260 C 1 Brazilian Journal of Medical and Biological Research

1.2 Metabólitos primários e secundários obtidos dos liquens

1.2.1 Metabólitos secundários dos liquens

Mesmo estando incluídos no Reino Fungi, os liquens são organismos únicos, pois apresentam características peculiares; entre elas a produção de substâncias exclusivas da classe, que são derivados fenólicos correspondentes a quatro estruturas distintas, bem diferenciadas quimicamente conhecidas como depsideos, depsidonas, dibenzofuranos, ácidos úsnicos e ainda o ácido picroliquênico de Pertusaria amara, que é uma depsona. Estes compostos são denominados genericamente de substâncias liquênicas ou ácidos liquênicos (Figura 12) (HONDA; VILEGAS, 1998; HOWELL; NEWTON; WILLIAMS-WYNN, 2003; EISENREICH; KNISPEL; BECK, 2011).

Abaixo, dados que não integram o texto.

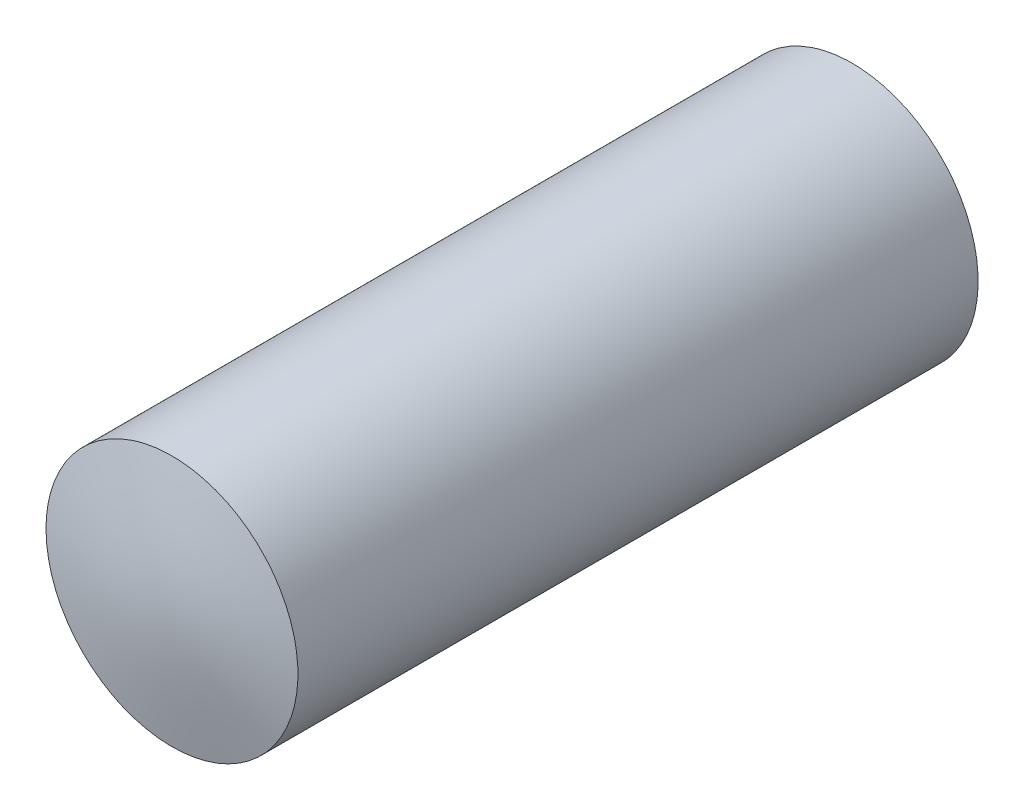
ISO-10303-21;
HEADER;
FILE_DESCRIPTION(('STEP AP214'),'2;1');
FILE_NAME('part.step','',(''),(''),'','','');
FILE_SCHEMA(('AUTOMOTIVE_DESIGN { 1 0 10303 214 1 1 1 1 }'));
ENDSEC;
DATA;
#1=APPLICATION_CONTEXT('core data for automotive mechanical design processes');
#2=APPLICATION_PROTOCOL_DEFINITION('international standard','automotive_design',2000,#1);
#3=PRODUCT_CONTEXT('',#1,'mechanical');
#4=PRODUCT('Part','Part','',(#3));
#5=PRODUCT_RELATED_PRODUCT_CATEGORY('part','',(#4));
#6=PRODUCT_DEFINITION_FORMATION('','',#4);
#7=PRODUCT_DEFINITION_CONTEXT('part definition',#1,'design');
#8=PRODUCT_DEFINITION('design','',#6,#7);
#9=PRODUCT_DEFINITION_SHAPE('','',#8);
#10=(LENGTH_UNIT() NAMED_UNIT(*) SI_UNIT(.MILLI.,.METRE.));
#11=(NAMED_UNIT(*) PLANE_ANGLE_UNIT() SI_UNIT($,.RADIAN.));
#12=(NAMED_UNIT(*) SI_UNIT($,.STERADIAN.) SOLID_ANGLE_UNIT());
#13=UNCERTAINTY_MEASURE_WITH_UNIT(LENGTH_MEASURE(1.E-05),#10,'distance_accuracy_value','');
#14=(GEOMETRIC_REPRESENTATION_CONTEXT(3) GLOBAL_UNCERTAINTY_ASSIGNED_CONTEXT((#13)) GLOBAL_UNIT_ASSIGNED_CONTEXT((#10,
#11,#12)) REPRESENTATION_CONTEXT('',''));
#15=CARTESIAN_POINT('',(0.,0.,0.));
#16=DIRECTION('',(0.,0.,1.));
#17=DIRECTION('',(1.,0.,0.));
#18=AXIS2_PLACEMENT_3D('',#15,#16,#17);
#19=CARTESIAN_POINT('',(0.,0.,16.2));
#20=DIRECTION('',(0.,0.,-1.));
#21=DIRECTION('',(-1.,0.,0.));
#22=AXIS2_PLACEMENT_3D('',#19,#20,#21);
#23=CYLINDRICAL_SURFACE('',#22,3.);
#24=CARTESIAN_POINT('',(-3.,1.29930179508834E-12,16.200141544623));
#25=CARTESIAN_POINT('',(-2.99999252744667,-0.168511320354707,16.2001422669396));
#26=CARTESIAN_POINT('',(-2.98575432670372,-0.337144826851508,16.2001584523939));
#27=CARTESIAN_POINT('',(-2.92915290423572,-0.669767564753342,16.2001462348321));
#28=CARTESIAN_POINT('',(-2.88675583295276,-0.833750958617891,16.2001177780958));
#29=CARTESIAN_POINT('',(-2.77504361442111,-1.1522065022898,16.2001001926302));
#30=CARTESIAN_POINT('',(-2.70574132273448,-1.30668315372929,16.2001110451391));
#31=CARTESIAN_POINT('',(-2.54220356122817,-1.60176565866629,16.200143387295));
#32=CARTESIAN_POINT('',(-2.44797429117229,-1.742374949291,16.2001648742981));
#33=CARTESIAN_POINT('',(-2.23723837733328,-2.00579557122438,16.2001895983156));
#34=CARTESIAN_POINT('',(-2.12072940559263,-2.1286050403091,16.2001928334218));
#35=CARTESIAN_POINT('',(-1.86874257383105,-2.3529252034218,16.2001785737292));
#36=CARTESIAN_POINT('',(-1.73326396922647,-2.45443506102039,16.2001610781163));
#37=CARTESIAN_POINT('',(-1.44719005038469,-2.63326699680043,16.2001199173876));
#38=CARTESIAN_POINT('',(-1.29659501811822,-2.71058952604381,16.2000962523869));
#39=CARTESIAN_POINT('',(-0.984561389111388,-2.83885417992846,16.200101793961));
#40=CARTESIAN_POINT('',(-0.82312281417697,-2.88979635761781,16.2001310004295));
#41=CARTESIAN_POINT('',(-0.493984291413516,-2.96385454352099,16.2001588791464));
#42=CARTESIAN_POINT('',(-0.326284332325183,-2.98697050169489,16.2001575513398));
#43=CARTESIAN_POINT('',(0.0106158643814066,-3.00471986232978,16.2001630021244));
#44=CARTESIAN_POINT('',(0.179816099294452,-2.99935331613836,16.2001697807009));
#45=CARTESIAN_POINT('',(0.514914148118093,-2.96029011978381,16.2001549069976));
#46=CARTESIAN_POINT('',(0.680811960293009,-2.92659345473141,16.2001332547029));
#47=CARTESIAN_POINT('',(1.00459590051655,-2.83182649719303,16.2001046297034));
#48=CARTESIAN_POINT('',(1.16248202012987,-2.77075617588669,16.2000976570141));
#49=CARTESIAN_POINT('',(1.46576039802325,-2.62297553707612,16.200117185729));
#50=CARTESIAN_POINT('',(1.61115266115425,-2.53626522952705,16.2001436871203));
#51=CARTESIAN_POINT('',(1.88531608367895,-2.33966609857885,16.2001800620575));
#52=CARTESIAN_POINT('',(2.01408724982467,-2.22977728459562,16.2001899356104));
#53=CARTESIAN_POINT('',(2.25135314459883,-1.98994050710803,16.2001890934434));
#54=CARTESIAN_POINT('',(2.35984786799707,-1.85999253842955,16.2001783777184));
#55=CARTESIAN_POINT('',(2.55348100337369,-1.58372629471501,16.2001429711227));
#56=CARTESIAN_POINT('',(2.6386194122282,-1.43740801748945,16.2001182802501));
#57=CARTESIAN_POINT('',(2.78312306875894,-1.13255471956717,16.2001042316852));
#58=CARTESIAN_POINT('',(2.84248831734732,-0.974019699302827,16.2001148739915));
#59=CARTESIAN_POINT('',(2.93376044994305,-0.649233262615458,16.2001363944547));
#60=CARTESIAN_POINT('',(2.96566733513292,-0.482981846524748,16.2001472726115));
#61=CARTESIAN_POINT('',(3.00111700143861,-0.147482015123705,16.2001519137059));
#62=CARTESIAN_POINT('',(3.00465978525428,0.0217663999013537,16.2001456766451));
#63=CARTESIAN_POINT('',(2.98328068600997,0.358455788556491,16.2001445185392));
#64=CARTESIAN_POINT('',(2.95835880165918,0.525896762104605,16.2001495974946));
#65=CARTESIAN_POINT('',(2.88075781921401,0.854218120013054,16.2001305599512));
#66=CARTESIAN_POINT('',(2.82807871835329,1.01509850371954,16.2001064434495));
#67=CARTESIAN_POINT('',(2.6964587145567,1.32573172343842,16.2001053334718));
#68=CARTESIAN_POINT('',(2.61751781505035,1.47548456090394,16.2001283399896));
#69=CARTESIAN_POINT('',(2.43561513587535,1.75961163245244,16.2001666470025));
#70=CARTESIAN_POINT('',(2.33265336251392,1.8939858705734,16.2001819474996));
#71=CARTESIAN_POINT('',(2.10563165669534,2.14354135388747,16.2001926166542));
#72=CARTESIAN_POINT('',(1.98157171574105,2.25872259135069,16.2001879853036));
#73=CARTESIAN_POINT('',(1.71587535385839,2.46662238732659,16.2001592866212));
#74=CARTESIAN_POINT('',(1.57423892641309,2.55934093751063,16.2001352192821));
#75=CARTESIAN_POINT('',(1.27741042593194,2.71968321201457,16.2001025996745));
#76=CARTESIAN_POINT('',(1.12221836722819,2.78730696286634,16.2000940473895));
#77=CARTESIAN_POINT('',(0.802683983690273,2.89554011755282,16.2001176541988));
#78=CARTESIAN_POINT('',(0.638341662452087,2.93614953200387,16.200149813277));
#79=CARTESIAN_POINT('',(0.305171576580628,2.98920132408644,16.2001707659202));
#80=CARTESIAN_POINT('',(0.136343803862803,3.00164365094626,16.200159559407));
#81=CARTESIAN_POINT('',(-0.201004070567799,2.99800792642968,16.2001586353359));
#82=CARTESIAN_POINT('',(-0.369524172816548,2.98192992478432,16.2001689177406));
#83=CARTESIAN_POINT('',(-0.701473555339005,2.92170995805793,16.2001451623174));
#84=CARTESIAN_POINT('',(-0.864902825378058,2.87756793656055,16.2001111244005));
#85=CARTESIAN_POINT('',(-1.18203386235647,2.7624719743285,16.2000922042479));
#86=CARTESIAN_POINT('',(-1.33573544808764,2.69151753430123,16.2001073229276));
#87=CARTESIAN_POINT('',(-1.62903875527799,2.52481392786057,16.2001445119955));
#88=CARTESIAN_POINT('',(-1.76864103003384,2.42906573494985,16.2001665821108));
#89=CARTESIAN_POINT('',(-2.02977595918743,2.21550403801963,16.2001906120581));
#90=CARTESIAN_POINT('',(-2.15131050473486,2.09769284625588,16.2001925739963));
#91=CARTESIAN_POINT('',(-2.37290656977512,1.84330447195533,16.2001769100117));
#92=CARTESIAN_POINT('',(-2.47296274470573,1.7067226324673,16.2001592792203));
#93=CARTESIAN_POINT('',(-2.64876247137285,1.41864627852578,16.2001216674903));
#94=CARTESIAN_POINT('',(-2.72449439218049,1.26714467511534,16.2001016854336));
#95=CARTESIAN_POINT('',(-2.84936113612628,0.953696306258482,16.2001089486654));
#96=CARTESIAN_POINT('',(-2.89852784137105,0.791762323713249,16.2001361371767));
#97=CARTESIAN_POINT('',(-2.95576453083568,0.523996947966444,16.200152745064));
#98=CARTESIAN_POINT('',(-2.97233212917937,0.419905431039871,16.2001525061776));
#99=CARTESIAN_POINT('',(-2.99445219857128,0.210558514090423,16.2001466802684));
#100=CARTESIAN_POINT('',(-3.00000466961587,0.105303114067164,16.2001410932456));
#101=CARTESIAN_POINT('',(-3.,1.29930179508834E-12,16.200141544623));
#102=B_SPLINE_CURVE_WITH_KNOTS('',3,(#24,#25,#26,#27,#28,#29,#30,#31,#32,#33,#34,#35,#36,#37,
#38,#39,#40,#41,#42,#43,#44,#45,#46,#47,#48,#49,#50,#51,#52,#53,#54,#55,#56,#57,#58,#59,#60,#61,
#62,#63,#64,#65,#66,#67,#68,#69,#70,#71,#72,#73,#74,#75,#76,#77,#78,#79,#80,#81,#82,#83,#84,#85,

As substâncias liquênicas são formadas por unidades fenólicas, que se originam a partir dos ácidos carboxílicos policetônicos derivados do ácido acético. Estes ácidos de cadeia aberta ciclizam de formas distintas para dar origem às unidades fenólicas básicas, geralmente associadas através de ligações do tipo éster no caso dos depsídeos e éster e éter para as depsidonas (CORDOBA, 1975). Devido aos seus grupamentos fenólicos as substancias liquenicas tem a habilidade de eliminar os radicais livres, a exemplo, da esferoforina e a panarina que inibem a formação do ânion superóxido in vitro. O primeiro tipo de ciclização segue o modelo do ácido orselínico, que é a base estrutural dos depsídeos, depsidonas, dibenzufuranos e, o segundo tipo que segue o modelo do floroglucinol, constituinte do ácido úsnico. Porém, nem todas as espécies de liquens apresentam derivados fenólicos. Em muitas

espécies cujo fotobionte é uma cianobactéria, não há produção desses derivados (GALUN; SHOMER – LLAN, 1988).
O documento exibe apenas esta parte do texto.